Since then, several other cases of program component marks less than one have cropped up. Also, there have been a number of cases where a skater has fallen on a jump and received marks of all -3 except for one mark of 0 from a single judge -- another situation that reveals that entry errors are not uncommon. Among the many changes made to the system since last year, addition of an error checker and confirmation mechanism were not included.
At this competition Michael Weiss received a program component mark of 0.75. In discussion with another reporter, Barton took the same position he did last year -- not his problem and the skater suffers no harm.
In the case of Weiss, had the judge intended to give a mark of 5.75 Weiss's score would have increased by 0.10 if the correct mark had been entered. If the intended mark was 6.75, the only other and more likely choice, his score would have been 0.40 higher. (The judge involved was one of the seven used in the scoring.)
The ISU position on this is extremely short sighted and unfair to the skaters. One would think that the overlords of this system would, out of a simple sense of fairness, give the highest priority to guaranteeing the skaters receive every point they deserve. No more. No less. An error of 0.10 points compromised three Olympic gymnastics medals this summer. It has the potential to do the same in skating.
Further, if fairness is not a priority at the ISU, one would think a prudent sense of "cover your ass" would be. If the wrong medals at a major competition end up being awarded due to this error, it will be more than the head of the judge that the skating fans will want on the end of a stick, particularly when it would be known that the problem was brought to the ISU's attention years earlier, and they just didn't care to do anything about it.
Take a close look at the judges scoring matrix for the Compulsory Dance segment, in which Galit Chait & Sergie Sakhnovski placed second and Megan Wing & Aaron Lowe placed third. You will notice that one judge scored Chait & Sakhnovski substantially higher than the average and pushed Wing & Lowe down lower than average.
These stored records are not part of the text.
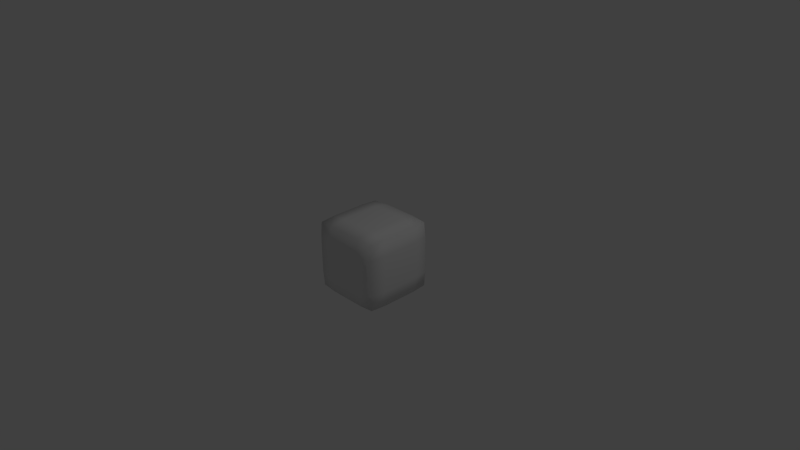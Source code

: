 # Source: Block_UFO.blend  (saved by Blender 2.74.0; exported with 4.5.12 LTS)
import bpy
from mathutils import Matrix  # noqa: F401  (used for matrix-valued properties, if any)

bpy.ops.wm.read_factory_settings(use_empty=True)
scene = bpy.context.scene
scene.name = 'Scene'

# ---- collections
col_collection_1 = bpy.data.collections.new('Collection 1'); scene.collection.children.link(col_collection_1)

# ---- materials (node trees are filled in below, after node groups)
mat_insideshape = bpy.data.materials.new('InsideShape')
mat_insideshape.alpha_threshold = 0.0
mat_insideshape.use_transparent_shadow = False
mat_insideshape.roughness = 0.5
mat_insideshape.line_color = (0.0, 0.0, 0.0, 1.0)
mat_cube = bpy.data.materials.new('Cube')
mat_cube.alpha_threshold = 0.0
mat_cube.use_transparent_shadow = False
mat_cube.roughness = 0.5
mat_cube.line_color = (0.0, 0.0, 0.0, 0.5)

# ---- material node trees

# ---- world
world_world = bpy.data.worlds.new('World'); scene.world = world_world
world_world.color = (0.05088, 0.05088, 0.05088)
world_world.use_sun_shadow = False
world_world.sun_shadow_jitter_overblur = 0.0
world_world.cycles.sampling_method = 'MANUAL'
world_world.cycles.sample_map_resolution = 256

# ---- cameras
cam_camera = bpy.data.cameras.new('Camera')
cam_camera.clip_end = 100.0
cam_camera.lens = 35.0
cam_camera.sensor_width = 32.0
cam_camera.sensor_height = 18.0
cam_camera.ortho_scale = 7.314
cam_camera.dof.focus_distance = 0.0
cam_camera.dof.aperture_fstop = 128.0

# ---- lights
light_lamp = bpy.data.lights.new('Lamp', 'POINT')
light_lamp.transmission_factor = 0.0
light_lamp.cutoff_distance = 30.0
light_lamp.energy = 100.0
light_lamp.shadow_buffer_clip_start = 1.001
light_lamp.shadow_soft_size = 0.1
light_lamp.shadow_maximum_resolution = 0.006
light_lamp.use_absolute_resolution = True
light_lamp.cycles.use_multiple_importance_sampling = False

# ---- meshes
me_sphere = bpy.data.meshes.new('Sphere')
me_sphere.from_pydata([(-0.1818, 0.0, 0.03165), (-0.3359, 0.0, 0.0007627), (-0.3949, 0.0, -0.02083), (-0.4388, 0.0, -0.04547), (-0.4659, 0.0, -0.0722), (-0.475, 0.0, -0.1), (-0.4659, 0.0, -0.1278), (-0.4388, 0.0, -0.1545), (-0.3949, 0.0, -0.1792), (-0.3359, 0.0, -0.2008), (-0.2639, 0.0, -0.2185), (-0.1818, 0.0, -0.2317), (-0.09267, 0.0, -0.2398), (-0.1679, 0.06956, 0.03165), (-0.2438, 0.101, 0.01848), (-0.3103, 0.1285, 0.0007627), (-0.3649, 0.1511, -0.02083), (-0.4054, 0.1679, -0.04547), (-0.4304, 0.1783, -0.0722), (-0.4388, 0.1818, -0.1), (-0.4304, 0.1783, -0.1278), (-0.4054, 0.1679, -0.1545), (-0.3649, 0.1511, -0.1792), (-0.3103, 0.1285, -0.2008), (-0.2438, 0.101, -0.2185), (-0.1679, 0.06956, -0.2317), (-0.08561, 0.03546, -0.2398), (-0.1285, 0.1285, 0.03165), (-0.1866, 0.1866, 0.01848), (-0.2375, 0.2375, 0.0007627), (-0.2793, 0.2793, -0.02083), (-0.3103, 0.3103, -0.04547), (-0.3294, 0.3294, -0.0722), (-0.3359, 0.3359, -0.1), (-0.3294, 0.3294, -0.1278), (-0.3103, 0.3103, -0.1545), (-0.2793, 0.2793, -0.1792), (-0.2375, 0.2375, -0.2008), (-0.1866, 0.1866, -0.2185), (-0.1285, 0.1285, -0.2317), (-0.06553, 0.06553, -0.2398), (1.548e-07, 0.0, -0.2425), (-0.06956, 0.1679, 0.03165), (-0.101, 0.2438, 0.01848), (-0.1285, 0.3103, 0.0007627), (-0.1511, 0.3649, -0.02083), (-0.1679, 0.4054, -0.04547), (-0.1783, 0.4304, -0.0722), (-0.1818, 0.4388, -0.1), (-0.1783, 0.4304, -0.1278), (-0.1679, 0.4054, -0.1545), (-0.1511, 0.3649, -0.1792), (-0.1285, 0.3103, -0.2008), (-0.101, 0.2438, -0.2185), (-0.06956, 0.1679, -0.2317), (-0.03546, 0.08561, -0.2398), (1.473e-07, 0.1818, 0.03165), (1.548e-07, 0.2639, 0.01848), (1.697e-07, 0.3359, 0.0007627), (1.846e-07, 0.3949, -0.02083), (1.697e-07, 0.4388, -0.04547), (1.548e-07, 0.4659, -0.0722), (1.548e-07, 0.475, -0.1), (1.548e-07, 0.4659, -0.1278), (1.697e-07, 0.4388, -0.1545), (1.846e-07, 0.3949, -0.1792), (1.697e-07, 0.3359, -0.2008), (1.548e-07, 0.2639, -0.2185), (1.548e-07, 0.1818, -0.2317), (1.51e-07, 0.09267, -0.2398), (0.06956, 0.1679, 0.03165), (0.101, 0.2438, 0.01848), (0.1285, 0.3103, 0.0007627), (0.1511, 0.3649, -0.02083), (0.1679, 0.4054, -0.04547), (0.1783, 0.4304, -0.0722), (0.1818, 0.4388, -0.1), (0.1783, 0.4304, -0.1278), (0.1679, 0.4054, -0.1545), (0.1511, 0.3649, -0.1792), (0.1285, 0.3103, -0.2008), (0.101, 0.2438, -0.2185), (0.06956, 0.1679, -0.2317), (0.03546, 0.08561, -0.2398), (0.1285, 0.1285, 0.03165), (0.1866, 0.1866, 0.01848), (0.2375, 0.2375, 0.0007627), (0.2793, 0.2793, -0.02083), (0.3103, 0.3103, -0.04547), (0.3294, 0.3294, -0.0722), (0.3359, 0.3359, -0.1), (0.3294, 0.3294, -0.1278), (0.3103, 0.3103, -0.1545), (0.2793, 0.2793, -0.1792), (0.2375, 0.2375, -0.2008), (0.1866, 0.1866, -0.2185), (0.1285, 0.1285, -0.2317), (0.06553, 0.06553, -0.2398), (0.1679, 0.06956, 0.03165), (0.2438, 0.101, 0.01848), (0.3103, 0.1285, 0.0007627), (0.3649, 0.1511, -0.02083), (0.4054, 0.1679, -0.04547), (0.4304, 0.1783, -0.0722), (0.4388, 0.1818, -0.1), (0.4304, 0.1783, -0.1278), (0.4054, 0.1679, -0.1545), (0.3649, 0.1511, -0.1792), (0.3103, 0.1285, -0.2008), (0.2438, 0.101, -0.2185), (0.1679, 0.06956, -0.2317), (0.08561, 0.03546, -0.2398), (0.1818, 0.0, 0.03165), (0.2639, 0.0, 0.01848), (0.3359, -1.49e-08, 0.0007627), (0.3949, -4.47e-08, -0.02083), (0.4388, 0.0, -0.04547), (0.4659, 0.0, -0.0722), (0.475, 0.0, -0.1), (0.4659, 0.0, -0.1278), (0.4388, 0.0, -0.1545), (0.3949, -4.47e-08, -0.1792), (0.3359, -1.49e-08, -0.2008), (0.2639, 0.0, -0.2185), (0.1818, -7.451e-09, -0.2317), (0.09267, -3.725e-09, -0.2398), (0.1679, -0.06956, 0.03165), (0.2438, -0.101, 0.01848), (0.3103, -0.1285, 0.0007627), (0.3649, -0.1511, -0.02083), (0.4054, -0.1679, -0.04547), (0.4304, -0.1783, -0.0722), (0.4388, -0.1818, -0.1), (0.4304, -0.1783, -0.1278), (0.4054, -0.1679, -0.1545), (0.3649, -0.1511, -0.1792), (0.3103, -0.1285, -0.2008), (0.2438, -0.101, -0.2185), (0.1679, -0.06956, -0.2317), (0.08561, -0.03546, -0.2398), (0.1285, -0.1285, 0.03165), (0.1866, -0.1866, 0.01848), (0.2375, -0.2375, 0.0007627), (0.2793, -0.2793, -0.02083), (0.3103, -0.3103, -0.04547), (0.3294, -0.3294, -0.0722), (0.3359, -0.3359, -0.1), (0.3294, -0.3294, -0.1278), (0.3103, -0.3103, -0.1545), (0.2793, -0.2793, -0.1792), (0.2375, -0.2375, -0.2008), (0.1866, -0.1866, -0.2185), (0.1285, -0.1285, -0.2317), (0.06553, -0.06553, -0.2398), (0.06956, -0.1679, 0.03165), (0.101, -0.2438, 0.01848), (0.1285, -0.3103, 0.0007627), (0.1511, -0.3649, -0.02083), (0.1679, -0.4054, -0.04547), (0.1783, -0.4304, -0.0722), (0.1818, -0.4388, -0.1), (0.1783, -0.4304, -0.1278), (0.1679, -0.4054, -0.1545), (0.1511, -0.3649, -0.1792), (0.1285, -0.3103, -0.2008), (0.101, -0.2438, -0.2185), (0.06956, -0.1679, -0.2317), (0.03546, -0.08561, -0.2398), (1.473e-07, -0.1818, 0.03165), (1.548e-07, -0.2639, 0.01848), (1.399e-07, -0.3359, 0.0007627), (8.027e-08, -0.3949, -0.02083), (1.548e-07, -0.4388, -0.04547), (1.548e-07, -0.4659, -0.0722), (1.399e-07, -0.475, -0.1), (1.548e-07, -0.4659, -0.1278), (1.548e-07, -0.4388, -0.1545), (8.027e-08, -0.3949, -0.1792), (1.399e-07, -0.3359, -0.2008), (1.548e-07, -0.2639, -0.2185), (1.473e-07, -0.1818, -0.2317), (1.51e-07, -0.09267, -0.2398), (-0.06956, -0.1679, 0.03165), (-0.101, -0.2438, 0.01848), (-0.1285, -0.3103, 0.0007627), (-0.1511, -0.3649, -0.02083), (-0.1679, -0.4054, -0.04547), (-0.1783, -0.4304, -0.0722), (-0.1818, -0.4388, -0.1), (-0.1783, -0.4304, -0.1278), (-0.1679, -0.4054, -0.1545), (-0.1511, -0.3649, -0.1792), (-0.1285, -0.3103, -0.2008), (-0.101, -0.2438, -0.2185), (-0.06956, -0.1679, -0.2317), (-0.03546, -0.08561, -0.2398), (-0.1285, -0.1285, 0.03165), (-0.1866, -0.1866, 0.01848), (-0.2375, -0.2375, 0.0007627), (-0.2793, -0.2793, -0.02083), (-0.3103, -0.3103, -0.04547), (-0.3294, -0.3294, -0.0722), (-0.3359, -0.3359, -0.1), (-0.3294, -0.3294, -0.1278), (-0.3103, -0.3103, -0.1545), (-0.2793, -0.2793, -0.1792), (-0.2375, -0.2375, -0.2008), (-0.1866, -0.1866, -0.2185), (-0.1285, -0.1285, -0.2317), (-0.06553, -0.06553, -0.2398), (-0.1679, -0.06956, 0.03165), (-0.2438, -0.101, 0.01848), (-0.3103, -0.1285, 0.0007627), (-0.3649, -0.1511, -0.02083), (-0.4054, -0.1679, -0.04547), (-0.4304, -0.1783, -0.0722), (-0.4388, -0.1818, -0.1), (-0.4304, -0.1783, -0.1278), (-0.4054, -0.1679, -0.1545), (-0.3649, -0.1511, -0.1792), (-0.3103, -0.1285, -0.2008), (-0.2438, -0.101, -0.2185), (-0.1679, -0.06956, -0.2317), (-0.08561, -0.03546, -0.2398), (-0.2639, 0.0, 0.01848), (-0.03707, 2.682e-08, 0.2288), (-0.07271, 2.682e-08, 0.218), (-0.1344, 2.682e-08, 0.1769), (-0.158, 2.682e-08, 0.1481), (-0.1755, 2.682e-08, 0.1152), (-0.1863, 2.682e-08, 0.07957), (-0.19, 2.682e-08, 0.0325), (-0.03425, 0.01419, 0.2288), (-0.06718, 0.02782, 0.218), (-0.09752, 0.0404, 0.2005), (-0.1241, 0.05141, 0.1769), (-0.146, 0.06046, 0.1481), (-0.1622, 0.06718, 0.1152), (-0.1722, 0.07131, 0.07957), (-0.1755, 0.07271, 0.0325), (-0.02621, 0.02621, 0.2288), (-0.05141, 0.05141, 0.218), (-0.07464, 0.07464, 0.2005), (-0.095, 0.095, 0.1769), (-0.1117, 0.1117, 0.1481), (-0.1241, 0.1241, 0.1152), (-0.1318, 0.1318, 0.07957), (-0.1344, 0.1344, 0.0325), (-0.01418, 0.03425, 0.2288), (-0.02782, 0.06718, 0.218), (-0.0404, 0.09752, 0.2005), (-0.05141, 0.1241, 0.1769), (-0.06046, 0.146, 0.1481), (-0.06718, 0.1622, 0.1152), (-0.07131, 0.1722, 0.07957), (-0.07271, 0.1755, 0.0325), (1.051e-07, 0.03707, 0.2288), (1.036e-07, 0.07271, 0.218), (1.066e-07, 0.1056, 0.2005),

Another judge did just the opposite, scoring Wing & Lowe much higher than average and Chait & Sakhnovki lower than average. As it turns out, this event had judges from both Israel and Canada on the panel.
Anonymity or not, could it be any more obvious that national bias is alive and well in the new super-duper super-secret scoring system. If both judges had been included in the scoring they would just have canceled each other out, but as it turns out, the Israeli judge was included in the scoring but the Canadian judge was not. Running the scoring calculation on the judges scoring matrix, one finds Chait & Sakhnovski received nearly a two point advantage because of national bias and the random selection of judges.
National Bias in the new scoring system. It's there. It's unfair. And the ISU is doing nothing effective about it.
What should have been the most memorable part of the competition, the skating, was the least. Except for the performances of Tanith Belbin & Benjamin Agosto, and the Short Program from Tatiana Totmianina & Maxim Marinin the skating was uniformly unimpressive. Too many skaters were too unprepared for this competition The prime example for this is World Bronze medalist Stefan Lindermann who was dead last in the Short Program and only managed to pull up to ninth after the Free Skate. The ladies event was won by Angela Nikodinov with only four triples, and the men's free skate was won by Ryan Jahnke without a successful triple Axel or quad.